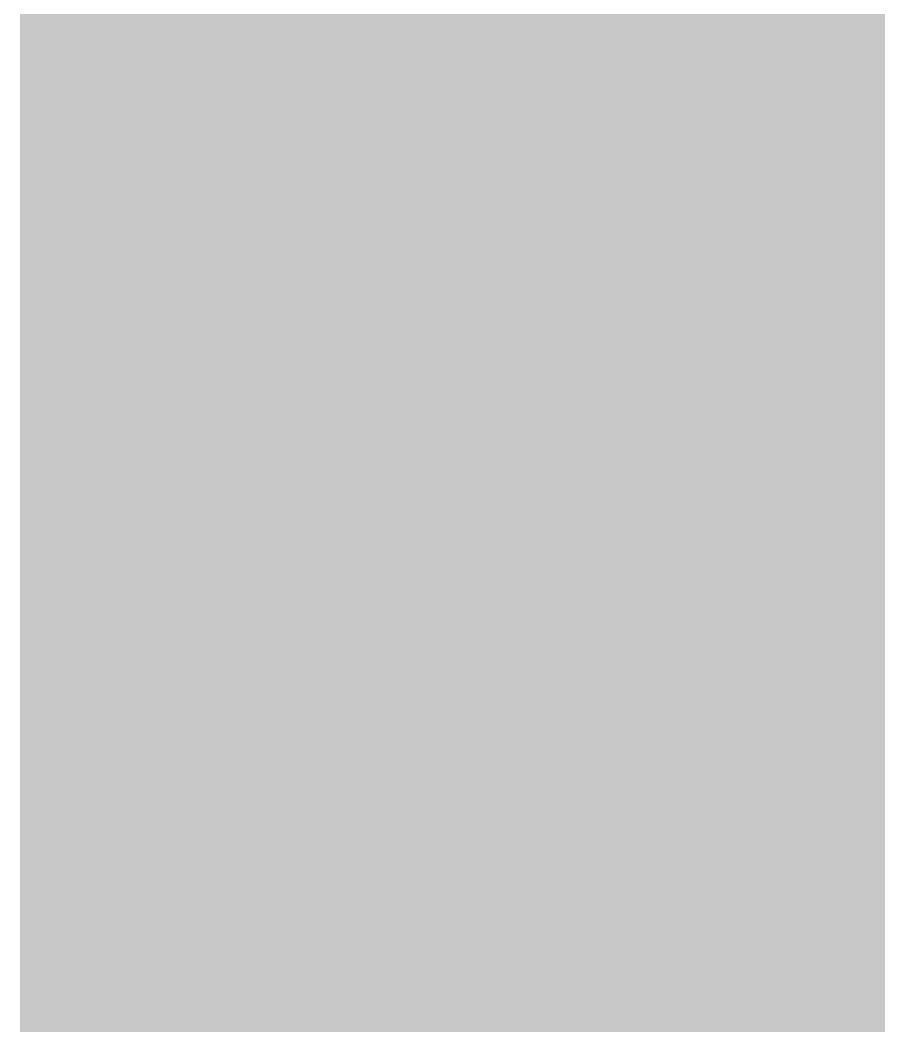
# Model space of a CAD drawing. Extents: x -0.1 to 65.1, y -1.2 to 30.1.
# Drawn here: x 23.9251 to 24.2178, y 5.2769 to 5.6198 of the extents above; entities that cross this region are included whole.
import ezdxf

# ---------------------------------------------------------------- set-up
doc = ezdxf.new("R2010")
doc.units = 0
doc.header["$MEASUREMENT"] = 0
doc.layers.get('0').update_dxf_attribs({"linetype": 'CONTINUOUS'})
doc.layers.add('2D_LINE_126', color=7, linetype='CONTINUOUS')

# ---------------------------------------------------------------- blocks, each defined once
blk = doc.blocks.new('SMOOTH_0$0254')
at = {"const_width": 0.0127}
blk.add_lwpolyline([(-0.00635, 0, 1), (0.00635, 0, 1)], format="xyb", close=True, dxfattribs=at)
blk = doc.blocks.new('DRAWING_63')
at = {"layer": '2D_LINE_126', "const_width": 0.0254}
for points in [[(-6.34365, -1.86309), (-6.34365, -1.87452), (-6.34365, -1.88595), (-6.34365, -1.89738), (-6.34365, -1.90881), (-6.34365, -1.92024), (-6.34365, -1.93167), (-6.34365, -1.9431), (-6.34365, -1.95453), (-6.34365, -1.96596), (-6.34365, -1.97739), (-6.34365, -1.98882), (-6.34365, -2.00025), (-6.34365, -2.01168), (-6.34365, -2.02311), (-6.34365, -2.03454), (-6.34365, -2.04597), (-6.34365, -2.0574), (-6.34365, -2.06883), (-6.34365, -2.08026), (-6.34365, -2.09169), (-6.34365, -2.10312), (-6.34365, -2.11455), (-6.34365, -2.12598), (-6.34365, -2.13741), (-6.34365, -2.14884), (-6.34365, -2.16027), (-6.34365, -2.1717), (-6.34365, -2.18313), (-6.34365, -2.19456), (-6.34365, -2.20599), (-6.34365, -2.21742), (-6.34365, -2.22885), (-6.34365, -2.24028)], [(-6.37794, -1.86309), (-6.37794, -1.87452), (-6.37794, -1.88595), (-6.37794, -1.89738), (-6.37794, -1.90881), (-6.37794, -1.92024), (-6.37794, -1.93167), (-6.37794, -1.9431), (-6.37794, -1.95453), (-6.37794, -1.96596), (-6.37794, -1.97739), (-6.37794, -1.98882), (-6.37794, -2.00025), (-6.37794, -2.01168), (-6.37794, -2.02311), (-6.37794, -2.03454), (-6.37794, -2.04597), (-6.37794, -2.0574), (-6.37794, -2.06883), (-6.37794, -2.08026), (-6.37794, -2.09169), (-6.37794, -2.10312), (-6.37794, -2.11455), (-6.37794, -2.12598), (-6.37794, -2.13741), (-6.37794, -2.14884), (-6.37794, -2.16027), (-6.37794, -2.1717), (-6.37794, -2.18313), (-6.37794, -2.19456), (-6.37794, -2.20599), (-6.37794, -2.21742), (-6.37794, -2.22885), (-6.37794, -2.24028)], [(-6.36651, -1.86309), (-6.36651, -1.87452), (-6.36651, -1.88595), (-6.36651, -1.89738), (-6.36651, -1.90881), (-6.36651, -1.92024), (-6.36651, -1.93167), (-6.36651, -1.9431), (-6.36651, -1.95453), (-6.36651, -1.96596), (-6.36651, -1.97739), (-6.36651, -1.98882), (-6.36651, -2.00025), (-6.36651, -2.01168), (-6.36651, -2.02311), (-6.36651, -2.03454), (-6.36651, -2.04597), (-6.36651, -2.0574), (-6.36651, -2.06883), (-6.36651, -2.08026), (-6.36651, -2.09169), (-6.36651, -2.10312), (-6.36651, -2.11455), (-6.36651, -2.12598), (-6.36651, -2.13741), (-6.36651, -2.14884), (-6.36651, -2.16027), (-6.36651, -2.1717), (-6.36651, -2.18313), (-6.36651, -2.19456), (-6.36651, -2.20599), (-6.36651, -2.21742), (-6.36651, -2.22885), (-6.36651, -2.24028)], [(-6.14934, -2.24028), (-6.14934, -2.22885), (-6.14934, -2.21742), (-6.14934, -2.20599), (-6.14934, -2.19456), (-6.14934, -2.18313), (-6.14934, -2.1717), (-6.14934, -2.16027), (-6.14934, -2.14884), (-6.14934, -2.13741), (-6.14934, -2.12598), (-6.14934, -2.11455), (-6.14934, -2.10312), (-6.14934, -2.09169), (-6.14934, -2.08026), (-6.14934, -2.06883), (-6.14934, -2.0574), (-6.14934, -2.04597), (-6.14934, -2.03454), (-6.14934, -2.02311), (-6.14934, -2.01168), (-6.14934, -2.00025), (-6.14934, -1.98882), (-6.14934, -1.97739), (-6.14934, -1.96596), (-6.14934, -1.95453), (-6.14934, -1.9431), (-6.14934, -1.93167), (-6.14934, -1.92024), (-6.14934, -1.90881), (-6.14934, -1.89738), (-6.14934, -1.88595), (-6.14934, -1.87452), (-6.14934, -1.86309)], [(-6.13791, -2.24028), (-6.13791, -2.22885), (-6.13791, -2.21742), (-6.13791, -2.20599), (-6.13791, -2.19456), (-6.13791, -2.18313), (-6.13791, -2.1717), (-6.13791, -2.16027), (-6.13791, -2.14884), (-6.13791, -2.13741), (-6.13791, -2.12598), (-6.13791, -2.11455), (-6.13791, -2.10312), (-6.13791, -2.09169), (-6.13791, -2.08026), (-6.13791, -2.06883), (-6.13791, -2.0574), (-6.13791, -2.04597), (-6.13791, -2.03454), (-6.13791, -2.02311), (-6.13791, -2.01168), (-6.13791, -2.00025), (-6.13791, -1.98882), (-6.13791, -1.97739), (-6.13791, -1.96596), (-6.13791, -1.95453), (-6.13791, -1.9431), (-6.13791, -1.93167), (-6.13791, -1.92024), (-6.13791, -1.90881), (-6.13791, -1.89738), (-6.13791, -1.88595), (-6.13791, -1.87452), (-6.13791, -1.86309)], [(-6.12648, -2.24028), (-6.12648, -2.22885), (-6.12648, -2.21742), (-6.12648, -2.20599), (-6.12648, -2.19456), (-6.12648, -2.18313), (-6.12648, -2.1717), (-6.12648, -2.16027), (-6.12648, -2.14884), (-6.12648, -2.13741), (-6.12648, -2.12598), (-6.12648, -2.11455), (-6.12648, -2.10312), (-6.12648, -2.09169), (-6.12648, -2.08026), (-6.12648, -2.06883), (-6.12648, -2.0574), (-6.12648, -2.04597), (-6.12648, -2.03454), (-6.12648, -2.02311), (-6.12648, -2.01168), (-6.12648, -2.00025), (-6.12648, -1.98882), (-6.12648, -1.97739), (-6.12648, -1.96596), (-6.12648, -1.95453), (-6.12648, -1.9431), (-6.12648, -1.93167), (-6.12648, -1.92024), (-6.12648, -1.90881), (-6.12648, -1.89738), (-6.12648, -1.88595), (-6.12648, -1.87452), (-6.12648, -1.86309)], [(-6.35508, -1.86309), (-6.35508, -1.87452), (-6.35508, -1.88595), (-6.35508, -1.89738), (-6.35508, -1.90881), (-6.35508, -1.92024), (-6.35508, -1.93167), (-6.35508, -1.9431), (-6.35508, -1.95453), (-6.35508, -1.96596), (-6.35508, -1.97739), (-6.35508, -1.98882), (-6.35508, -2.00025), (-6.35508, -2.01168), (-6.35508, -2.02311), (-6.35508, -2.03454), (-6.35508, -2.04597), (-6.35508, -2.0574), (-6.35508, -2.06883), (-6.35508, -2.08026), (-6.35508, -2.09169), (-6.35508, -2.10312), (-6.35508, -2.11455), (-6.35508, -2.12598), (-6.35508, -2.13741), (-6.35508, -2.14884), (-6.35508, -2.16027), (-6.35508, -2.1717), (-6.35508, -2.18313), (-6.35508, -2.19456), (-6.35508, -2.20599), (-6.35508, -2.21742), (-6.35508, -2.22885), (-6.35508, -2.24028)], [(-6.18363, -2.24028), (-6.18363, -2.22885), (-6.18363, -2.21742), (-6.18363, -2.20599), (-6.18363, -2.19456), (-6.18363, -2.18313), (-6.18363, -2.1717), (-6.18363, -2.16027), (-6.18363, -2.14884), (-6.18363, -2.13741), (-6.18363, -2.12598), (-6.18363, -2.11455), (-6.18363, -2.10312), (-6.18363, -2.09169), (-6.18363, -2.08026), (-6.18363, -2.06883), (-6.18363, -2.0574), (-6.18363, -2.04597), (-6.18363, -2.03454), (-6.18363, -2.02311), (-6.18363, -2.01168), (-6.18363, -2.00025), (-6.18363, -1.98882), (-6.18363, -1.97739), (-6.18363, -1.96596), (-6.18363, -1.95453), (-6.18363, -1.9431), (-6.18363, -1.93167), (-6.18363, -1.92024), (-6.18363, -1.90881), (-6.18363, -1.89738), (-6.18363, -1.88595), (-6.18363, -1.87452), (-6.18363, -1.86309)], [(-6.1722, -2.24028), (-6.1722, -2.22885), (-6.1722, -2.21742), (-6.1722, -2.20599), (-6.1722, -2.19456), (-6.1722, -2.18313), (-6.1722, -2.1717), (-6.1722, -2.16027), (-6.1722, -2.14884), (-6.1722, -2.13741), (-6.1722, -2.12598), (-6.1722, -2.11455), (-6.1722, -2.10312), (-6.1722, -2.09169), (-6.1722, -2.08026), (-6.1722, -2.06883), (-6.1722, -2.0574), (-6.1722, -2.04597), (-6.1722, -2.03454), (-6.1722, -2.02311), (-6.1722, -2.01168), (-6.1722, -2.00025), (-6.1722, -1.98882), (-6.1722, -1.97739), (-6.1722, -1.96596), (-6.1722, -1.95453), (-6.1722, -1.9431), (-6.1722, -1.93167), (-6.1722, -1.92024), (-6.1722, -1.90881), (-6.1722, -1.89738), (-6.1722, -1.88595), (-6.1722, -1.87452), (-6.1722, -1.86309)], [(-6.21792, -1.86309), (-6.21792, -1.87452), (-6.21792, -1.88595), (-6.21792, -1.89738), (-6.21792, -1.90881), (-6.21792, -1.92024), (-6.21792, -1.93167), (-6.21792, -1.9431), (-6.21792, -1.95453), (-6.21792, -1.96596), (-6.21792, -1.97739), (-6.21792, -1.98882), (-6.21792, -2.00025), (-6.21792, -2.01168), (-6.21792, -2.02311), (-6.21792, -2.03454), (-6.21792, -2.04597), (-6.21792, -2.0574), (-6.21792, -2.06883), (-6.21792, -2.08026), (-6.21792, -2.09169), (-6.21792, -2.10312), (-6.21792, -2.11455), (-6.21792, -2.12598), (-6.21792, -2.13741), (-6.21792, -2.14884), (-6.21792, -2.16027), (-6.21792, -2.1717), (-6.21792, -2.18313), (-6.21792, -2.19456), (-6.21792, -2.20599), (-6.21792, -2.21742), (-6.21792, -2.22885), (-6.21792, -2.24028)], [(-6.20649, -2.24028), (-6.20649, -2.22885), (-6.20649, -2.21742), (-6.20649, -2.20599), (-6.20649, -2.19456), (-6.20649, -2.18313), (-6.20649, -2.1717), (-6.20649, -2.16027), (-6.20649, -2.14884), (-6.20649, -2.13741), (-6.20649, -2.12598), (-6.20649, -2.11455), (-6.20649, -2.10312), (-6.20649, -2.09169), (-6.20649, -2.08026), (-6.20649, -2.06883), (-6.20649, -2.0574), (-6.20649, -2.04597), (-6.20649, -2.03454), (-6.20649, -2.02311), (-6.20649, -2.01168), (-6.20649, -2.00025), (-6.20649, -1.98882), (-6.20649, -1.97739), (-6.20649, -1.96596), (-6.20649, -1.95453), (-6.20649, -1.9431), (-6.20649, -1.93167), (-6.20649, -1.92024), (-6.20649, -1.90881), (-6.20649, -1.89738), (-6.20649, -1.88595), (-6.20649, -1.87452), (-6.20649, -1.86309)], [(-6.33222, -1.86309), (-6.33222, -1.87452), (-6.33222, -1.88595), (-6.33222, -1.89738), (-6.33222, -1.90881), (-6.33222, -1.92024), (-6.33222, -1.93167), (-6.33222, -1.9431), (-6.33222, -1.95453), (-6.33222, -1.96596), (-6.33222, -1.97739), (-6.33222, -1.98882), (-6.33222, -2.00025), (-6.33222, -2.01168), (-6.33222, -2.02311), (-6.33222, -2.03454), (-6.33222, -2.04597), (-6.33222, -2.0574), (-6.33222, -2.06883), (-6.33222, -2.08026), (-6.33222, -2.09169), (-6.33222, -2.10312), (-6.33222, -2.11455), (-6.33222, -2.12598), (-6.33222, -2.13741), (-6.33222, -2.14884), (-6.33222, -2.16027), (-6.33222, -2.1717), (-6.33222, -2.18313), (-6.33222, -2.19456), (-6.33222, -2.20599), (-6.33222, -2.21742), (-6.33222, -2.22885), (-6.33222, -2.24028)], [(-6.24078, -1.86309), (-6.24078, -1.87452), (-6.24078, -1.88595), (-6.24078, -1.89738), (-6.24078, -1.90881), (-6.24078, -1.92024), (-6.24078, -1.93167), (-6.24078, -1.9431), (-6.24078, -1.95453), (-6.24078, -1.96596), (-6.24078, -1.97739), (-6.24078, -1.98882), (-6.24078, -2.00025), (-6.24078, -2.01168), (-6.24078, -2.02311), (-6.24078, -2.03454), (-6.24078, -2.04597), (-6.24078, -2.0574), (-6.24078, -2.06883), (-6.24078, -2.08026), (-6.24078, -2.09169), (-6.24078, -2.10312), (-6.24078, -2.11455), (-6.24078, -2.12598), (-6.24078, -2.13741), (-6.24078, -2.14884), (-6.24078, -2.16027), (-6.24078, -2.1717), (-6.24078, -2.18313), (-6.24078, -2.19456), (-6.24078, -2.20599), (-6.24078, -2.21742), (-6.24078, -2.22885), (-6.24078, -2.24028)], [(-6.32079, -1.86309), (-6.32079, -1.87452), (-6.32079, -1.88595), (-6.32079, -1.89738), (-6.32079, -1.90881), (-6.32079, -1.92024), (-6.32079, -1.93167), (-6.32079, -1.9431), (-6.32079, -1.95453), (-6.32079, -1.96596), (-6.32079, -1.97739), (-6.32079, -1.98882), (-6.32079, -2.00025), (-6.32079, -2.01168), (-6.32079, -2.02311), (-6.32079, -2.03454), (-6.32079, -2.04597), (-6.32079, -2.0574), (-6.32079, -2.06883), (-6.32079, -2.08026), (-6.32079, -2.09169), (-6.32079, -2.10312), (-6.32079, -2.11455), (-6.32079, -2.12598), (-6.32079, -2.13741), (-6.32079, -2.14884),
══════════════════════════════
TASK:
Find and copy each line above that includes the string "layers".

ANSWER BOX:
doc.layers.get('0').update_dxf_attribs({"linetype": 'CONTINUOUS'})
doc.layers.add('2D_LINE_126', color=7, linetype='CONTINUOUS')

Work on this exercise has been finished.